I love applications that can be packaged as a single executable file. A lot of languages can create files like that now, including C, C++, Rust, Go, and even C#. But not every language can compile to a single executable like that, even even ones that do might need some extra files bundled with the executable.

There is a lot of overlap between this topic and self-extracting archives. Check those out for ideas if you are going to roll your own solution.

AppImages

One popular method I see these days is AppImages. AppImage is a format for bundling Linux applications, along with their dependencies, in order to create applications that work without installation or root, and the whole thing gets packaged in a single file.

They are extremely convenient, and they work pretty well. We’ve deployed AppImages to production and used them to bundle tools and dependencies without messing with developer or server systems.

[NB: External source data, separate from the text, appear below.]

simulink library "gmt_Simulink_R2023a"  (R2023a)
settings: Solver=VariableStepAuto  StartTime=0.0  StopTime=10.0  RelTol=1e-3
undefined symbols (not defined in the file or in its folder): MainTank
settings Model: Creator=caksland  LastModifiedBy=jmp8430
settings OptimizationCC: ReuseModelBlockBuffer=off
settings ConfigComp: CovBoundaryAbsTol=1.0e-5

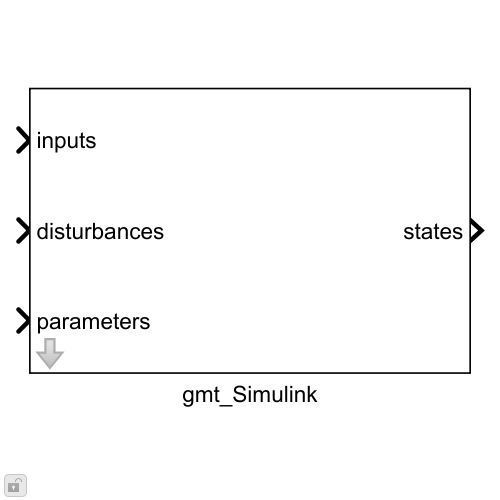
[thumbnail: Simulink's stored preview of the top-level diagram]
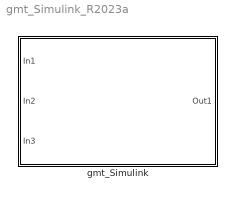
== system gmt_Simulink_R2023a ==
  gmt_Simulink : Subsystem  mask{mdlName=MainTank, x0=[300;300;300;300;6000;300;1500;300], x0_workspace_flg=off}
      mask prompts: mdlName "Model Name (must be object in working directory)"; x0 "Initial State (2):"; x0_workspace_flg "Pull initial conditions from workspace object?"
      settings: CopyFcn=set_param(gcb, 'LinkStatus', 'none');
      mask Callback mdlName:
      | try
      |         blkPath = gcb;
      |         maskObj = Simulink.Mask.get(blkPath);
      |         maskWorkspace = maskObj.getWorkspace();
      |         parameterObj = maskObj.getParameter('mdlName');
      | 
      |         disp('mdlName update callback triggered');
      |         graphObj_name = parameterObj.Value;
      | 
      |         %% Verify variable is in MATLAB workspace (base)
      |         inMATLABworkspace = evalin('base', ['exist(''', graphObj_name, ''', ''var'')']);
      |         assert(inMATLABworkspace,"Variable selected not in MATLAB workspace")
      | 
      |         %% Create graph object variable and verify object is gmt_Graph class
      |         graphObj = evalin('base', graphObj_name);
      |         isGraphObj = isa(graphObj,"gmt_Graph");
      |         assert(isGraphObj,"Variable selected is not a gmt_Graph class")
      | 
      |         %% Grab Basic Graph Object Properties
      |         Nx = graphObj.Properties.Ns;
      |         Ny = graphObj.Properties.Ny;
      |         Nd = graphObj.Properties.Nd;
      |         Nu = graphObj.Properties.Nu;
      |         opt_idx = [graphObj.ModelParameters.Optimization] == true;
      |         Nopt = sum(opt_idx);
      | 
      |         %% Create Mask Prompts
      |         State_Prompt = vertcat(graphObj.States' + ": " + [graphObj.Vertices(graphObj.Properties.Ns_idx).VertexName]');
      |         Output_Prompt = vertcat(graphObj.Outputs);
      |         Input_Prompt = vertcat(graphObj.Inputs' + ": " + [graphObj.InputData.Parent]' + " " + [graphObj.InputData.Description]');
      |         Disturbance_Prompt = vertcat(graphObj.Disturbances' + ": " + [graphObj.Vertices(graphObj.Properties.Nd_idx).VertexName]');
      |         Parameter_Prompt = vertcat([graphObj.ModelParameters(opt_idx).Variable]'+ ": " + [graphObj.ModelParameters(opt_idx).Description]');
      |         CurrentModel_Prompt = "Current Model Loaded: " + parameterObj.Value;
      |         InitialCondition_Prompt = "Initial State (" + string(Nx) + "):";
      | 
      |         %% Update States Info
      |         tbObj = maskObj.getDialogControl("States");
      |         prompt_tmp = State_Prompt;
      | 
      |         if ~isempty(prompt_tmp)
      |             if length(prompt_tmp) > 1
      |                 % set the Prompt value
      |                 tbObj.Prompt = strjoin(convertStringsToChars(prompt_tmp),newline);
      |             else
      |                 tbObj.Prompt = prompt_tmp;
      |             end
      |         else
      |             % set the Prompt value
      |             tbObj.Prompt = "";
      |         end
      | 
      |         %% Update Inputs Info
      |         tbObj = maskObj.getDialogControl("Inputs");
      |         prompt_tmp = Input_Prompt;
      | 
      |         if ~isempty(prompt_tmp)
      |             if length(prompt_tmp) > 1
      |                 % set the Prompt value
      |                 tbObj.Prompt = strjoin(convertStringsToChars(prompt_tmp),newline);
      |             else
      |                 tbObj.Prompt = prompt_tmp;
      |             end
      |         else
      |             % set the Prompt value
      |             tbObj.Prompt = "";
      |         end
      | 
      |         %% Update Outputs Info
      |         tbObj = maskObj.getDialogControl("Outputs");
      |         prompt_tmp = Output_Prompt;
      | 
      |         if ~isempty(prompt_tmp)
      |             if length(prompt_tmp) > 1
      |                 % set the Prompt value
      |                 tbObj.Prompt = strjoin(convertStringsToChars(prompt_tmp),newline);
      |             else
      |                 tbObj.Prompt = prompt_tmp;
      |             end
      |         else
      |             % set the Prompt value
      |             tbObj.Prompt = "";
      |         end
      | 
      |         %% Update Parameters Info
      |         tbObj = maskObj.getDialogControl("Parameters");
      |         prompt_tmp = Parameter_Prompt;
      | 
      |         if ~isempty(prompt_tmp)
      |             if length(prompt_tmp) > 1
      |                 % set the Prompt value
      |                 tbObj.Prompt = strjoin(convertStringsToChars(prompt_tmp),newline);
      |             else
      |                 tbObj.Prompt = prompt_tmp;
      |             end
      |         else
      |             % set the Prompt value
      |             tbObj.Prompt = "";
      |         end
      | 
      |         %% Update Disturbances Info
      |         tbObj = maskObj.getDialogControl("Disturbances");
      |         prompt_tmp = Disturbance_Prompt;
      | 
      |         if ~isempty(prompt_tmp)
      |             if length(prompt_tmp) > 1
      |                 % set the Prompt value
      |                 tbObj.Prompt = strjoin(convertStringsToChars(prompt_tmp),newline);
      |             else
      |                 tbObj.Prompt = prompt_tmp;
      |             end
      |         else
      |             % set the Prompt value
      |             tbObj.Prompt = "";
      |         end
      | 
      |         %% Update mdlName_current Info
      |         tbObj = maskObj.getDialogControl("mdlName_current");
      |         prompt_tmp = CurrentModel_Prompt;
      | 
      |         if ~isempty(prompt_tmp)
      |             if length(prompt_tmp) > 1
      |                 % set the Prompt value
      |                 tbObj.Prompt = strjoin(convertStringsToChars(prompt_tmp),newline);
      |             else
      |                 tbObj.Prompt = prompt_tmp;
      |             end
      |         else
      |             % set the Prompt value
      |             tbObj.Prompt = "";
      |         end
      | 
      |         %% Update Initial Condition Number
      |         tbObj = maskObj.getParameter('x0');
      |         tbObj.Prompt = "Initial State (" + string(Nx) + "):";
      | 
      |         %% Add Initial Conditions
      |         paramObj = maskObj.getParameter('x0_workspace_flg');
      |         rawValue = paramObj.Value;
      |         if strcmp(string(rawValue),"on")
      |             tbObj = maskObj.getParameter('x0');
      |             initCon_values = graphObj.InitialConditions;
      |             %assert(initCon_values,"No initial conditions specified in model")
      |             initCon_str = "[" + strjoin(string(initCon_values),";") + "]";
      |             tbObj.Value = initCon_str;
      |         end
      | 
      |         disp("Updated mask with model info")
      | 
      |          %% Update MATLAB Function Code
      |         blkPath = gcb;
      |         rt = sfroot;
      |         funcBlk = rt.find('-isa', 'Stateflow.EMChart', '-and', 'Path', [blkPath '/MATLAB Function']);
      | 
      |         %% MATLAB Function Prefix
      | 
      |         % Grab State Variable Names
      |         StateVars = graphObj.States';
      |         % Grab Boundary Condition Variable Names
      |         ExtAlgVars = graphObj.Disturbances';
      |         % Grab Control Input Variable Names
      |         InputVars = graphObj.Inputs';
      |         % System Input Packager
      |         funcInput_list = [StateVars; InputVars; ExtAlgVars];
      |         sysfun_mfile_prefix = "";
      |         for i = 1:length(funcInput_list)
      |             sysfun_mfile_prefix(i,1) = funcInput_list(i) + " = u(" + i + ");";
      |         end
      |         %% MATLAB Function Parameters
      |         sysfun_mfile_param = graphObj.ModelMetadata.mfileCode_param;
      |         %% MATLAB Function Body
      |         stateVars_der = StateVars + "_dot";
      |         sysfun_mfile_body = stateVars_der + " = " +  string(graphObj.SystemEquations.RHS) + ";";
      |         %% MATLAB Function Suffix
      |         sysfun_mfile_suffix = "y = [" + strjoin(stateVars_der',";") + "];";
      |         sysfun_mfile_suffix = [sysfun_mfile_suffix; "end"];
      |         %% Create newCode
      |         newCode_str = [sysfun_mfile_prefix;sysfun_mfile_param;sysfun_mfile_body;sysfun_mfile_suffix];
      |         newCode = strjoin(newCode_str,'\n');
      |         funcBlk.Script = newCode;
      | 
      |         %% Update Port Dimensions
      |         totInputs = Nx + Nd + Nu + Nopt;
      |         totOutputs = Nx;
      | 
      |         disp(string(totOutputs))
      |         funcBlk.Inputs.Props.Array.isDynamic = true;
      |         funcBlk.Inputs.Props.Array.Size = "[" + string(totInputs) + " " + string(1) + "]";
      |         funcBlk.Outputs.Props.Array.isDynamic = true;
      |         if totOutputs > 1
      |             funcBlk.Outputs.Props.Array.Size = "[" + string(totOutputs) + " " + string(1) + "]";
      |         else
      |             funcBlk.Outputs.Props.Array.Size =  string(1);
      |         end
      |             disp(funcBlk.Inputs.Props.Array)
      |         disp(funcBlk.Outputs.Props.Array)
      | 
      |         %% Update Mux Dimensions
      |         muxPath = [blkPath '/Mux'];
      |         muxHdl  = get_param(muxPath, 'Handle');
      |         muxPortHdl = get_param(muxPath, 'PortHandles');
      | 
      | 
      |         % Break All Input Lines Into Mux
      |         for k = 1:length(muxPortHdl.Inport)
      |         line = get_param(muxPortHdl.Inport(k), 'Line');
      |             if line ~= -1   % -1 means no line connected
      |                 delete_line(line);
      |             end
      |         end
      | 
      |         % Find and Delete all Terminators
      |         %terms = find_system(blkPath, 'BlockType', 'Terminator', 'LookUnderMasks','all', 'FollowLinks','on');
      | 
      |         %for k = 1:length(terms)
      |         %    delete_block(terms{k});
      |         %end
      | 
      |         % Compute Mux Dimensions
      |         muxNum = 1;
      |         if Nd > 0
      |             muxNum = muxNum + 1;
      |         end
      | 
      |         if Nu > 0
      |             muxNum = muxNum + 1;
      |         end
      | 
      |         if Nopt > 0
      |             muxNum = muxNum + 1;
      |         end
      | 
      |         set_param(muxHdl, 'Inputs', string(muxNum));   % set to 3 inputs
      | 
      |         % Connect Integrator
      |         integratorPath = [blkPath '/Integrator'];
      |         integratorHdl  = get_param(integratorPath, 'Handle');
      |         integratorPortHdl = get_param(integratorPath, 'PortHandles');
      |         add_line(blkPath, integratorPortHdl.Outport(1), muxPortHdl.Inport(1), 'autorouting','on');
      |         PortNum = 1;
      | 
      |         % Connect In1
      |         if Nu > 0
      |             PortNum = PortNum + 1;
      |             In1Path = [blkPath '/In1'];
      |             In1Hdl  = get_param(In1Path, 'Handle');
      |             In1PortHdl = get_param(In1Path, 'PortHandles');
      |             add_line(blkPath, In1PortHdl.Outport(1), muxPortHdl.Inport(PortNum), 'autorouting','on');
      |         else
      | 
      |         end
      | 
      |         % Connect In2
      |         if Nd > 0
      |             PortNum = PortNum + 1;
      |             In2Path = [blkPath '/In2'];
      |             In2Hdl  = get_param(In2Path, 'Handle');
      |             In2PortHdl = get_param(In2Path, 'PortHandles');
      |             add_line(blkPath, In2PortHdl.Outport(1), muxPortHdl.Inport(PortNum), 'autorouting','on');
      |         end
      | 
      |         % Connect In3
      |         if Nopt > 0
      |             PortNum = PortNum + 1;
      |             In3Path = [blkPath '/In3'];
      |             In3Hdl  = get_param(In3Path, 'Handle');
      |             In3PortHdl = get_param(In3Path, 'PortHandles');
      |             add_line(blkPath, In3PortHdl.Outport(1), muxPortHdl.Inport(PortNum), 'autorouting','on');
      |         end
      | 
      |     catch ME
      |         disp(getReport(ME, 'extended'))
      |         rethrow(ME)  % still show Simulink error dialog
      |     end
      mask DialogControl Container7 Prompt: Description
      mask DialogControl Control6 Prompt: This Simulink block can be used to load and simulate a graph model generated with the graph modeling toolbox. The model name must be a gmt_Graph class or subclass object in the MATLAB  workspace. The initial conditions must be a column vector with the same number of rows as there are states.
      mask DialogControl DescGroupVar Prompt: States
      mask DialogControl States Prompt:
      | x1: MainTank: Temperature
      | x2: MainTank: Mass
      mask DialogControl Container3 Prompt: Outputs
      mask DialogControl Container4 Prompt: Inputs
      mask DialogControl Inputs Prompt:
      | u1: MainTank Inlet Mass Flow 1
      | u2: MainTank Outlet Mass Flow 1
      mask DialogControl Container5 Prompt: Disturbances
      mask DialogControl Disturbances Prompt: x4: MainTank: Source Temperature
      mask DialogControl Container6 Prompt: Parameters
      mask DialogControl ParameterGroupVar Prompt: Model Configuration
      mask DialogControl mdlName_current Prompt: Current Model Loaded: MainTank
      mask Display:
      | port_label('input', 1, 'inputs');
      | port_label('input', 2, 'disturbances');
      | port_label('input', 3, 'parameters');
      | port_label('output', 1, 'states');

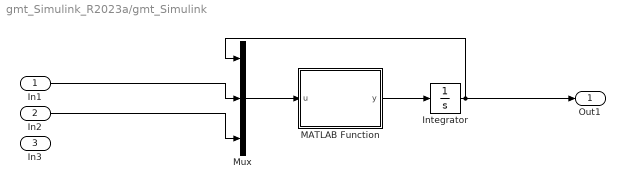
== system gmt_Simulink_R2023a/gmt_Simulink ==
  In1 : Inport
  In2 : Inport  Port=2
  In3 : Inport  Port=3
  Integrator : Integrator  InitialCondition=x0
  MATLAB Function : MATLAB Function  TreatAsAtomicUnit=on
  Mux : Mux  Inputs=3
  Out1 : Outport
  wires:
  MATLAB Function/1(y) -> Integrator/1
  Integrator/1 -> Out1/1, Mux/1
  Mux/1 -> MATLAB Function/1(u)
  In1/1 -> Mux/2
  In2/1 -> Mux/3

== matlab function gmt_Simulink_R2023a/gmt_Simulink/MATLAB Function ==
  data: u input size=[5 1]; y output size=[2 1]
function y = fcn(u)
x1 = u(1);
x2 = u(2);
u1 = u(3);
u2 = u(4);
x4 = u(5);
cp_f = 3300;
Rho = 1090;
V = 0.002;
x1_dot = -(cp_f*u2*x1 - cp_f*u1*x4 + cp_f*x1*(u1 - u2))/(cp_f*x2);
x2_dot = u1 - u2;
y = [x1_dot;x2_dot];
end

An AppImage is basically a directory that contains all the files for an application. This directory is turned into a compressed disk image with squashfs. A small runtime that is prepended to the squashfs image handles executing the application. This is done by mounting the image as a temporary mount point, and then executing the application inside it. This runtime also handles things like extracting the disk image to execute it without mounting.

In the time we used AppImages, we ran into two small problems.

The first one is the dependence on libfuse. Running an AppImage normally, without extracting it first with --appimage-extract, requires FUSE and libfuse. A huge appeal of AppImages for us was being able to deploy applications without any superuser privileges and without modifying the system in any way. This dependency on libfuse means either we need to modify the system to install stuff, or we need to extract the image and get rid of the “single-file executable” benefits.

The other downside is also related to mounts. In order to make startups faster, and not require extra disk space or RAM when executing the application, AppImages create a temporary mount instead of extracting themselves every time you execute them. This is a good way to get free performance.

But we ran into some commercial system monitoring tools that give alerts to sysadmins when a new mount is created. This is meant for checking the disks, stuff like making sure everything is in /etc/fstab and will be mounted again on reboots etc. But this system doesn’t understand temporary mounts, and thinks everything is a physical drive. When we execute AppImages regularly, that monitoring system creates useless alerts. It’s not something we can disable, and it’s not a bug we can fix ourselves. And frankly mounting stuff feels too much like modifying the system, even if FUSE lets us do it without extra permissions.

Those two minor issues inspired me to come up with an alternative solution.

An ugly and/or great solution

I wrote a Shell script generator in Python. It takes the application to bundle as a directory, just like AppImages. The output is a single executable that runs the application, just like AppImages. But the internals? That’s very much unlike AppImages.

We first take a statically-compiled binary of the zstd compressor. We encode this binary as base64, and embed this into our Shell script as a heredoc. The script un-base64’s that into a temporary file, and makes it executable.

We then tar our application folder, pipe that through zstd to compress it, encode it as base64, and embed it into our Shell script. The script pipes that through a base64 decoder, decompresses is with the zstd binary we unpacked earlier, and un-tars it into another temporary directory.

After this, the application is executed normally from this temp directory. After our shell scripts exits, all the temp files are deleted from the system.

All of this works, and we’ve deployed applications with this strategy. The only downside seems to be a small latency when executing the application, and this is due to the decompression and extraction of the embedded tar file.

Future work

This project was both fun and useful in real life. If I come back to it in the future, I’m planning to investigate some of the things below.

  • Instead of base64, embed binary data after the script and unpack with dd.
  • Instead of a shell script with embedded data, make a statically compiled executable that can be prepended to archives.
  • Instead of extracting a zstd binary and using it to decompress data, compile the decompressor into the “runtime” as a static library.
  • Allow stuff like --appimage-extract to extract application files somewhere without executing them.